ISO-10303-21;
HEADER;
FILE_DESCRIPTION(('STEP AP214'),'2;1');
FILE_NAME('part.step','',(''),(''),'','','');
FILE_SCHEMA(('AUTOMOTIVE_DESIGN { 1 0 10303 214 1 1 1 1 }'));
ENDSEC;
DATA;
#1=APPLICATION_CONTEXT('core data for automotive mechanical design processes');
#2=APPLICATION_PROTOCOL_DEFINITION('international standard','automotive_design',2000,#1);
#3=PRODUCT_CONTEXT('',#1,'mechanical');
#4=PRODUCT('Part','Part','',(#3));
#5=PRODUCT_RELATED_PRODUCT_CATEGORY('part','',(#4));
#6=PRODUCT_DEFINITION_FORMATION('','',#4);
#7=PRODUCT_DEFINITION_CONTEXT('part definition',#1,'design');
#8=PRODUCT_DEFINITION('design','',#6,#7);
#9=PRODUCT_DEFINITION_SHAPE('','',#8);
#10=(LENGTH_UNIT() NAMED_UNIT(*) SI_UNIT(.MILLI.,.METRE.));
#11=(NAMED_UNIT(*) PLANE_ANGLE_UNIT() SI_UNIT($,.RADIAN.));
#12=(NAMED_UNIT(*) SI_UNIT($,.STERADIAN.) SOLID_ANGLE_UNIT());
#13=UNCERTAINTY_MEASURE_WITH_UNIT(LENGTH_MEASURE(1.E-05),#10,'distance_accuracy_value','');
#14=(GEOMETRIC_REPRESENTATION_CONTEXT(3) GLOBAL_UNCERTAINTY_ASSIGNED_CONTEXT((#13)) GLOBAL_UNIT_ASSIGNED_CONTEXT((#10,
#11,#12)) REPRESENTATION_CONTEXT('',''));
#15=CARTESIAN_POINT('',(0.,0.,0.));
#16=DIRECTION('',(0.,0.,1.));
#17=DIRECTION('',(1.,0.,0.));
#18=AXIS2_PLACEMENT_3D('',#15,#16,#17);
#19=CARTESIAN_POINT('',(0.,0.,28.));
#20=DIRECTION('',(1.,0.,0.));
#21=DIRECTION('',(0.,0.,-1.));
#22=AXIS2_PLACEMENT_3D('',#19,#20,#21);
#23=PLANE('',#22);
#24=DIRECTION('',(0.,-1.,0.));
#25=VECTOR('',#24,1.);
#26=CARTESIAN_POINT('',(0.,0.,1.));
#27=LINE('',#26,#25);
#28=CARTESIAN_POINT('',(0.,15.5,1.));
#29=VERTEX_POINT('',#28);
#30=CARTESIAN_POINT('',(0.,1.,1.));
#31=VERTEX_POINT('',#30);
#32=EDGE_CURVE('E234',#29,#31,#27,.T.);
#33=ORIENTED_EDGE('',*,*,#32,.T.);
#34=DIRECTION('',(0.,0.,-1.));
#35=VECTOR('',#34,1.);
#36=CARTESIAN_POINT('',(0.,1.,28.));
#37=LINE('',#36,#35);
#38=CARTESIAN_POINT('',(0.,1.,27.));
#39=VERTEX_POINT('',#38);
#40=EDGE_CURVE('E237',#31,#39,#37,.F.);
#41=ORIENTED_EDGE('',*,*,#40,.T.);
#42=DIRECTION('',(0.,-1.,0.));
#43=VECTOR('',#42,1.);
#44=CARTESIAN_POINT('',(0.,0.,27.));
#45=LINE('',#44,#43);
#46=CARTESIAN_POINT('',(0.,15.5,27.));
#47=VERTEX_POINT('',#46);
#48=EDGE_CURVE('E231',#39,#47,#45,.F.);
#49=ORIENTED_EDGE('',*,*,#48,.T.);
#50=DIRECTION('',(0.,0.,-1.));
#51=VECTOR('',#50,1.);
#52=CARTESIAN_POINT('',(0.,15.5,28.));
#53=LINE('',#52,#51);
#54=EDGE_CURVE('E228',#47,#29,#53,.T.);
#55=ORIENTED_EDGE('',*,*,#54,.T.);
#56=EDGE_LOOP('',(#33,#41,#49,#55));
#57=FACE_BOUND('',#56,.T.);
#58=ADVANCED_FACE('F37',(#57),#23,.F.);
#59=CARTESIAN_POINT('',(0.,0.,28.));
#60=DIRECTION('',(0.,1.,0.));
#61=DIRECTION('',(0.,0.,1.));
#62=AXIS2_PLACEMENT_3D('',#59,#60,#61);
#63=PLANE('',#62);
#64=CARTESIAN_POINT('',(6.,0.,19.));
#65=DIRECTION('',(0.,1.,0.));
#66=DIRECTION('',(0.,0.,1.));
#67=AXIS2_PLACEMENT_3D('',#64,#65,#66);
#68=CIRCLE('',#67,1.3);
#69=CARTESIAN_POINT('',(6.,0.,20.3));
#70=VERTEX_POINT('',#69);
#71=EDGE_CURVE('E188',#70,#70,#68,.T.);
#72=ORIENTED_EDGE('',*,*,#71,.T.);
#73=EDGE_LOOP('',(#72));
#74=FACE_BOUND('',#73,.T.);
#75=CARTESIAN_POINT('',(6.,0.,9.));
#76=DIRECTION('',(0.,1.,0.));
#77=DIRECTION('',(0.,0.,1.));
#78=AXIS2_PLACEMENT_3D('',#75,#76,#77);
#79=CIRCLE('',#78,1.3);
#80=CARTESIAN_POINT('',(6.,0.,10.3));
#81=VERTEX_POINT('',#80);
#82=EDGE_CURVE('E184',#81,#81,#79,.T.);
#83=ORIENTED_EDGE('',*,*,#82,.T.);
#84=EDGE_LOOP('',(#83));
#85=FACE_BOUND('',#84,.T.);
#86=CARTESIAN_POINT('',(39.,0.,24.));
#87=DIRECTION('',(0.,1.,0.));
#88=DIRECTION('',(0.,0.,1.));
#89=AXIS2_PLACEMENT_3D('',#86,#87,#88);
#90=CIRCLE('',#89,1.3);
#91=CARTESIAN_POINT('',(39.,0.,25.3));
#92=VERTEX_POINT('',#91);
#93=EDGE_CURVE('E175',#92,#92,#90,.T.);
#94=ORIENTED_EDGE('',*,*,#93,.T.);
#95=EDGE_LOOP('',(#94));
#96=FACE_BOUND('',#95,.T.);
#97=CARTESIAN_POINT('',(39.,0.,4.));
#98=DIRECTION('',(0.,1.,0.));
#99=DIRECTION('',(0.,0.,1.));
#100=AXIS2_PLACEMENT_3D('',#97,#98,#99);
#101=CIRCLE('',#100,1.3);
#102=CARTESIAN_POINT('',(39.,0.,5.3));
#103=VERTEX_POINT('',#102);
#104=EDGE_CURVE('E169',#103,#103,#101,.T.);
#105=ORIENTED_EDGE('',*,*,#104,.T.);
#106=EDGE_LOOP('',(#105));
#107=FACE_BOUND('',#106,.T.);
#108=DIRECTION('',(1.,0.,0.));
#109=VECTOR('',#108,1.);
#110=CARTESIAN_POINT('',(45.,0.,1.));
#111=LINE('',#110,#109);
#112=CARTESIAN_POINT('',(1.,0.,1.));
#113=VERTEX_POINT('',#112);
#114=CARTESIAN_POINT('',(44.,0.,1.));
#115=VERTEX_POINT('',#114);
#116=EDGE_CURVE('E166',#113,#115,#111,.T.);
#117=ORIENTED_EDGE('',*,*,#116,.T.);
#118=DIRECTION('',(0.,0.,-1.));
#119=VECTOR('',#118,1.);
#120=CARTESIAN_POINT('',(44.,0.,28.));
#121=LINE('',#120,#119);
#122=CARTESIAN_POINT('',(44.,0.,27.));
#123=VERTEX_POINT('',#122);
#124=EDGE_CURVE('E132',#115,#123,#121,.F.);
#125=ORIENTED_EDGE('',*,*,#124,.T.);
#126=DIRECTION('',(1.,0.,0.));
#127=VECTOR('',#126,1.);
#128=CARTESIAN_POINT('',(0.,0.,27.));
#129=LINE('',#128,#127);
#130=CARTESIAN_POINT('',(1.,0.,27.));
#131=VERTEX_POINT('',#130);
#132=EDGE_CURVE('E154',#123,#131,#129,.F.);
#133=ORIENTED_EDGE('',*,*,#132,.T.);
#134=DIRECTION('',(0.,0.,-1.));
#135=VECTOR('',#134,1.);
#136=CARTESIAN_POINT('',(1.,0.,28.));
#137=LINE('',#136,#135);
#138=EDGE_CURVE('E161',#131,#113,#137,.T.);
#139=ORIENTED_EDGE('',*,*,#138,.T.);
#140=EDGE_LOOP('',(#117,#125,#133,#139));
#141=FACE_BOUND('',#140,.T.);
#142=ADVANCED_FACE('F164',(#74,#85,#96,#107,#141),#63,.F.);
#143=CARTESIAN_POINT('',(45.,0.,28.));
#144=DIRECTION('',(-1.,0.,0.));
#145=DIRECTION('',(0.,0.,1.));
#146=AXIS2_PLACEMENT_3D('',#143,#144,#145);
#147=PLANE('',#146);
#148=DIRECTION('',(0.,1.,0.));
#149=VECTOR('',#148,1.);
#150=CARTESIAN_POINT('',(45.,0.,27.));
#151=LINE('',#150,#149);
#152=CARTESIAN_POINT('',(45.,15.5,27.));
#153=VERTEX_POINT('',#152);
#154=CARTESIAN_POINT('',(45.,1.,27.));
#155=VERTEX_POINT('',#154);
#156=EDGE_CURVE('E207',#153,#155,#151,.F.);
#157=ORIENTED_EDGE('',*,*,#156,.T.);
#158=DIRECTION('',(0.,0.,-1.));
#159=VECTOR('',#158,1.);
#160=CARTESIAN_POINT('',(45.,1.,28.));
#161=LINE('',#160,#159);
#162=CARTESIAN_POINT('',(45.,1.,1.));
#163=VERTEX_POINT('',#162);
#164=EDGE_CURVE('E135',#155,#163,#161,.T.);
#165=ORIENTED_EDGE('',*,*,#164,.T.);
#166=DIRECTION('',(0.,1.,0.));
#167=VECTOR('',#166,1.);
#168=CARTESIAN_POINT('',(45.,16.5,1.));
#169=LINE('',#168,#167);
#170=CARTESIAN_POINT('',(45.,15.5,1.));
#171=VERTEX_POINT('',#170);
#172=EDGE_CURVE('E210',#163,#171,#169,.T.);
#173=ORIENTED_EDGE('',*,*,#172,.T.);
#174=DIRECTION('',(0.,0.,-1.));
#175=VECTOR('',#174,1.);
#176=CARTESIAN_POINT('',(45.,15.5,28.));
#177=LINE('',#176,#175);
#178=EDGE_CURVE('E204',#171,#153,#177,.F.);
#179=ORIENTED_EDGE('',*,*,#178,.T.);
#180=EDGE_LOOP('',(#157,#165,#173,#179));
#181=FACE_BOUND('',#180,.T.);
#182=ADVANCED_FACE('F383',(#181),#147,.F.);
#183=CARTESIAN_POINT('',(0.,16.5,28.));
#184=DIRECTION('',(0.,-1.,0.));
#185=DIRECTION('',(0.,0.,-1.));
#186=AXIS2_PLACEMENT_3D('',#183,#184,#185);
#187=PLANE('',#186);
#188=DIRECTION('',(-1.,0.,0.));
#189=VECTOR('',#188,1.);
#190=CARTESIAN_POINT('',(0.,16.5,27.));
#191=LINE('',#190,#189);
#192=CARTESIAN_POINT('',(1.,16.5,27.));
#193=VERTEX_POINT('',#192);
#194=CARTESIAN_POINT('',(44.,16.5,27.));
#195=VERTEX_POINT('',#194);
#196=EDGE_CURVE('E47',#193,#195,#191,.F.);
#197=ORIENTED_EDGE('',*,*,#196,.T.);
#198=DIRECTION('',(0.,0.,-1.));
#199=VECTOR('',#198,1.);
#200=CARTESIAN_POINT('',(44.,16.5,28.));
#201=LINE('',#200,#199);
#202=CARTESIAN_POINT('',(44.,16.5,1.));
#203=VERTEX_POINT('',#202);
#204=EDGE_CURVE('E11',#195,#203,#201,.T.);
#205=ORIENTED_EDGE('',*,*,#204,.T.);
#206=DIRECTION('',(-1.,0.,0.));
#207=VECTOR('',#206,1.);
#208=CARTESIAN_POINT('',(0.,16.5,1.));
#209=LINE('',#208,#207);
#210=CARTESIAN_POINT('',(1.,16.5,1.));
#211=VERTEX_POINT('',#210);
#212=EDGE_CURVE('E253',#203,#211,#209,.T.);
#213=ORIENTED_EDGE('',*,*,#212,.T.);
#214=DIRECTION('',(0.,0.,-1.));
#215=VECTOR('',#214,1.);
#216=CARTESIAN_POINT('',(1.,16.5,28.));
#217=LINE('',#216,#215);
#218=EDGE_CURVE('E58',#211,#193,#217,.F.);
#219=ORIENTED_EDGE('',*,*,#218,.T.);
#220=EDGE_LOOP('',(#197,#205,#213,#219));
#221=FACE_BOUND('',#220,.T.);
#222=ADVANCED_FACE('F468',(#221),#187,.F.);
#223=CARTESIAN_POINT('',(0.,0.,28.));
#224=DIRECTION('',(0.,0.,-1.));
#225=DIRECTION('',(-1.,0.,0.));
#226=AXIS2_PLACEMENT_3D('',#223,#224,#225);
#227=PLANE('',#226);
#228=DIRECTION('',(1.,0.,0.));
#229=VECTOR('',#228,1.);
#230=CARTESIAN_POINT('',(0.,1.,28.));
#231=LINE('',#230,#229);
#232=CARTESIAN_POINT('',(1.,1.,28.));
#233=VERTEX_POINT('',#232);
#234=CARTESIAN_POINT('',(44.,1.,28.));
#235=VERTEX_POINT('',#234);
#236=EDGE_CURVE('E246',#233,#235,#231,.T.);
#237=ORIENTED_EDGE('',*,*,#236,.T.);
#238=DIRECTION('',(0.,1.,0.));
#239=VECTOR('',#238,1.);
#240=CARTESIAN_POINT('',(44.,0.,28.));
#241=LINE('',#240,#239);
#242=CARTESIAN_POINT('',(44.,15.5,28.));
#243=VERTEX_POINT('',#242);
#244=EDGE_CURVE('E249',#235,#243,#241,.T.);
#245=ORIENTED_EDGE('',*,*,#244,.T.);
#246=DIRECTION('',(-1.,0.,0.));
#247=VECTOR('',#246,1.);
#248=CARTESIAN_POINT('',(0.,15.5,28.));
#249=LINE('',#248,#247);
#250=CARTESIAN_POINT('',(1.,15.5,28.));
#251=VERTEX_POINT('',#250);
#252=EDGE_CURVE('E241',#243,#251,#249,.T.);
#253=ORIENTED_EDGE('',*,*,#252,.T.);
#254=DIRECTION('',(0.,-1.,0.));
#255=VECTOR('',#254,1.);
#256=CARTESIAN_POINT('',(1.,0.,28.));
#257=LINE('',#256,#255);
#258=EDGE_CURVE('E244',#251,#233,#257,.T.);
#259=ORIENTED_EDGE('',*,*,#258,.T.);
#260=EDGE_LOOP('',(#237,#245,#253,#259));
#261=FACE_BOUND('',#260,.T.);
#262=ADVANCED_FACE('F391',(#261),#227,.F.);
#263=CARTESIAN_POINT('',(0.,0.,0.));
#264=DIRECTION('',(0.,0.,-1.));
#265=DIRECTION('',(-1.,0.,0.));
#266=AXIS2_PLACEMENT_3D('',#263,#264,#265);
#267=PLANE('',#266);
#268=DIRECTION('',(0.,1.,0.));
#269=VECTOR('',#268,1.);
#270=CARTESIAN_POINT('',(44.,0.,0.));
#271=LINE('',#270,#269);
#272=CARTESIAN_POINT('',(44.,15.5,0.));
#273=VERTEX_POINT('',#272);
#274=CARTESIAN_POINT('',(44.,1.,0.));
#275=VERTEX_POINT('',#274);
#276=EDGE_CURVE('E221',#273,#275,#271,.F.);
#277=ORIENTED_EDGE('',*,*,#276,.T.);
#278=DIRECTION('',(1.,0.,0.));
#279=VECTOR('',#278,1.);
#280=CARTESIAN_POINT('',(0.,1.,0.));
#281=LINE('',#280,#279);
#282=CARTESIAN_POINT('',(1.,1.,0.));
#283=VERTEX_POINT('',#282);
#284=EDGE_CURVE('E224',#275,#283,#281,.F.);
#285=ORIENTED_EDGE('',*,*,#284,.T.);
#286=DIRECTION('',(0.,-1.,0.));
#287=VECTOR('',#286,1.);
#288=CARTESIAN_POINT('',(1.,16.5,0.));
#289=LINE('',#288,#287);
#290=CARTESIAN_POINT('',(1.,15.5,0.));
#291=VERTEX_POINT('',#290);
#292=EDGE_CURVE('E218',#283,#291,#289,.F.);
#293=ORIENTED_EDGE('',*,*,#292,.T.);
——
- [Exercise description]:
Look above for the line that contains "#171=VERTEX_POINT('',#170);". Starting there, transcribe every line exactly until you have copied the line that contains "#185=DIRECTION('',(0.,0.,-1.));".

- [Completed task]:
#171=VERTEX_POINT('',#170);
#172=EDGE_CURVE('E210',#163,#171,#169,.T.);
#173=ORIENTED_EDGE('',*,*,#172,.T.);
#174=DIRECTION('',(0.,0.,-1.));
#175=VECTOR('',#174,1.);
#176=CARTESIAN_POINT('',(45.,15.5,28.));
#177=LINE('',#176,#175);
#178=EDGE_CURVE('E204',#171,#153,#177,.F.);
#179=ORIENTED_EDGE('',*,*,#178,.T.);
#180=EDGE_LOOP('',(#157,#165,#173,#179));
#181=FACE_BOUND('',#180,.T.);
#182=ADVANCED_FACE('F383',(#181),#147,.F.);
#183=CARTESIAN_POINT('',(0.,16.5,28.));
#184=DIRECTION('',(0.,-1.,0.));
#185=DIRECTION('',(0.,0.,-1.));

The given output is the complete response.